Besluit mandaatverlening inspecteur gemeentelijke belastingen

Wetstechnische informatie

Gegevens van de regeling
OrganisatieAmersfoort
OrganisatietypeGemeente
Officiële naam regelingBesluit mandaatverlening inspecteur gemeentelijke belastingen
CiteertitelBesluit mandaatverlening inspecteur gemeentelijke belastingen
Vastgesteld doorgemandateerde functionaris
Onderwerpfinanciën en economie
Eigen onderwerp

Opmerkingen met betrekking tot de regeling

Met ingang van 1 januari 2013 vervalt het Besluit mandaatverlening inspecteur gemeentelijke belastingen 2012. ​

Nieuw besluit i.v.m. aanpassing en actualisering.
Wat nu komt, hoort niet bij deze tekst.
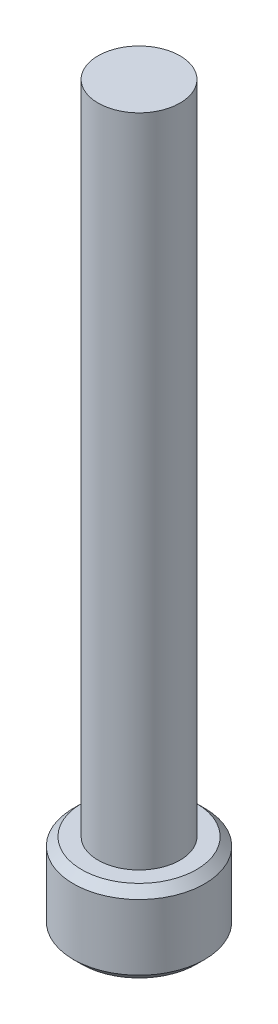
SolidWorks part; units mm, degrees
ref_plane "Front Plane" through (0, 0, 0) normal (0, 0, 1) x (1, 0, 0)
ref_plane "Top Plane" through (0, 0, 0) normal (0, 1, 0) x (1, 0, 0)
ref_plane "Right Plane" through (0, 0, 0) normal (1, 0, 0) x (0, 0, -1)
sketch "Sketch1" plane through (0, 0, 0) normal (0, 1, 0) x (1, 0, 0)
  circle A0 centre (0, 0) radius 2.5
extrude "Boss-Extrude1" add sketch "Sketch1" along normal blind 40
sketch "Sketch3" plane through (0, 0, 0) normal (0, 0, 1) x (1, 0, 0)
  line L0 (0, 0) -> (-4, 0)
  line L1 (-2.5, 0) -> (2.5, 0) construction
  line L2 (-4, 0) -> (-4, -5)
  line L3 (0, 0) -> (0, 12.6087) construction
  line L4 (-4, -5) -> (0, -5)
  line L5 (0, -5) -> (0, 0)
revolve "Revolve1" add sketch "Sketch3" angle 360 about L5
sketch "Sketch4" plane through (0, 0, 0) normal (0, 1, 0) x (1, 0, 0)
  line L1 (2.8868, 0) -> (1.4434, 2.5)
  line L2 (1.4434, 2.5) -> (-1.4434, 2.5)
  line L3 (-1.4434, 2.5) -> (-2.8868, 0)
  line L4 (-2.8868, 0) -> (-1.4434, -2.5)
  line L5 (-1.4434, -2.5) -> (1.4434, -2.5)
  line L6 (1.4434, -2.5) -> (2.8868, 0)
  circle A0 centre (0, 0) radius 2.5 construction
extrude "Cut-Extrude1" cut sketch "Sketch4" against normal blind 30 from offset 1 offset against normal yes
chamfer "Chamfer1" distance 0.5 angle 45 2 edges at (0, -5, -4) (0, 0, -4)
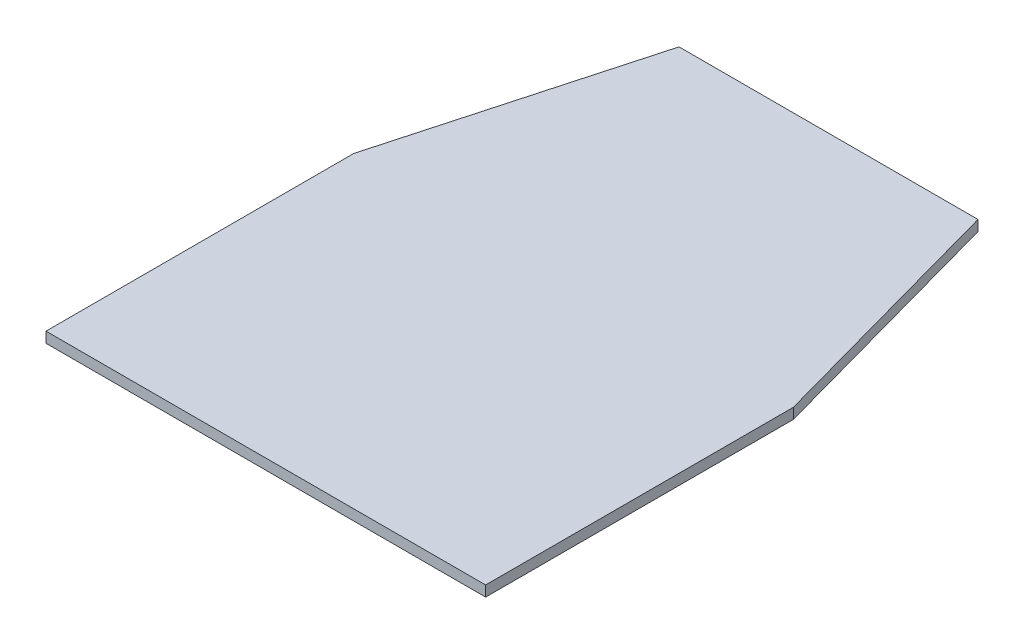
SolidWorks part; units mm, degrees
ref_plane "Front Plane" through (0, 0, 0) normal (0, 0, 1) x (1, 0, 0)
ref_plane "Top Plane" through (0, 0, 0) normal (0, 1, 0) x (1, 0, 0)
ref_plane "Right Plane" through (0, 0, 0) normal (1, 0, 0) x (0, 0, -1)
sketch "Sketch1" plane through (0, 0, 0) normal (0, 1, 0) x (1, 0, 0)
  line L1 (0, 0) -> (250, 0)
  line L2 (0, 0) -> (0, 175)
  line L3 (40, 320) -> (210, 320)
  line L4 (250, 0) -> (250, 175)
  line L6 (250, 0) -> (250, 175)
  line L7 (250, 175) -> (210, 320)
  line L8 (0, 175) -> (40, 320)
  dimension "D1" = 250
  dimension "D2" = 320
  dimension "D3" = 175
  dimension "D4" = 170
  dimension "D5" = 175
extrude "Boss-Extrude1" add sketch "Sketch1" along normal blind 6 contours L1 L2 L8 L3 L7 L6
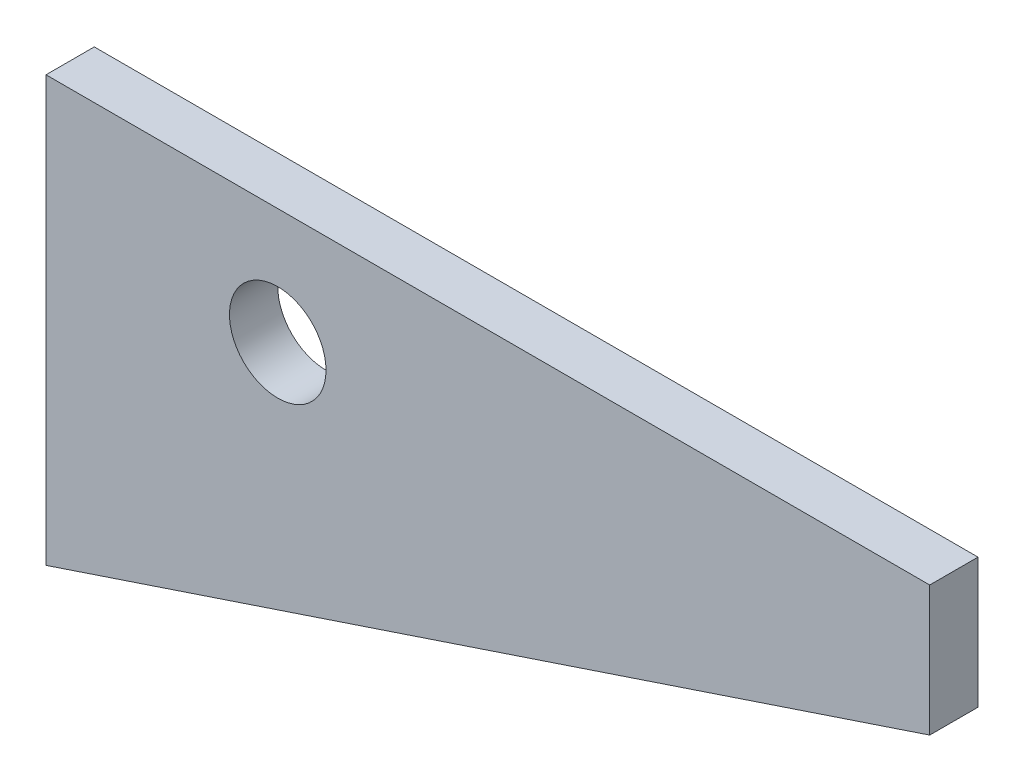
SolidWorks part; units mm, degrees
ref_plane "Front Plane" through (0, 0, 0) normal (0, 0, 1) x (1, 0, 0)
ref_plane "Top Plane" through (0, 0, 0) normal (0, 1, 0) x (1, 0, 0)
ref_plane "Right Plane" through (0, 0, 0) normal (1, 0, 0) x (0, 0, -1)
sketch "Sketch1" plane through (0, 0, 0) normal (0, 0, 1) x (1, 0, 0)
  line L0 (0, 0) -> (145.288, 0)
  line L1 (145.288, 0) -> (145.288, -21.3732)
  line L2 (145.288, -21.3732) -> (0, -69.85)
  line L3 (0, -69.85) -> (0, 0)
  circle A0 centre (38.1, -19.05) radius 7.9375
  dimension "D4" = 15.875
  dimension "D1" = 145.288
  dimension "D2" = 153.162
  dimension "D3" = 69.85
  dimension "D5" = 38.1
  dimension "D6" = 19.05
extrude "Boss-Extrude1" add sketch "Sketch1" along normal blind 7.9375

Wettelijke grondslag(en) of bevoegdheid waarop de regeling is gebaseerd

Aanwijzings- en mandaatbesluit gemeentelijke belastingambtenaren 2013​

Overzicht van in de tekst verwerkte wijzigingen

Datum inwerkingtreding

Terugwerkende kracht tot en met

Datum uitwerkingtreding

Betreft

Datum ondertekening

Bron bekendmaking

Kenmerk voorstel

20-12-2012Nieuwe regeling

11-12-2012

Stadsberichten 19 december 2012

4253512

Tekst van de regeling

Intitulé

Besluit mandaatverlening inspecteur gemeentelijke belastingen

 

 

B E S L U I T:

Onder intrekking van het Besluit mandaatverlening inspecteur gemeentelijke belastingen van 5 januari 2012, vast te stellen het:

BESLUIT MANDAATVERLENING INSPECTEUR GEMEENTELIJKE BELASTINGEN

Artikel 1 Mandaatverlening.

De inspecteur van de gemeentelijke belastingen van Amersfoort besluit:

1.Aan de directeur van de sector Maatschappelijke Ontwikkeling te mandateren, de bevoegdheid om namens haar vast te stellen:

De gevorderde leges als bedoeld in titel 1, voor zover het betreft de hoofdstukken 1, 2, 3, 4, 5, 6, 9, 10, 13, 14, 16 en 20; titel 3, voorzover het betreft de hoofdstukken 1, 2, 3, 4 en 6 van de tarieventabel behorende bij de Verordening Leges.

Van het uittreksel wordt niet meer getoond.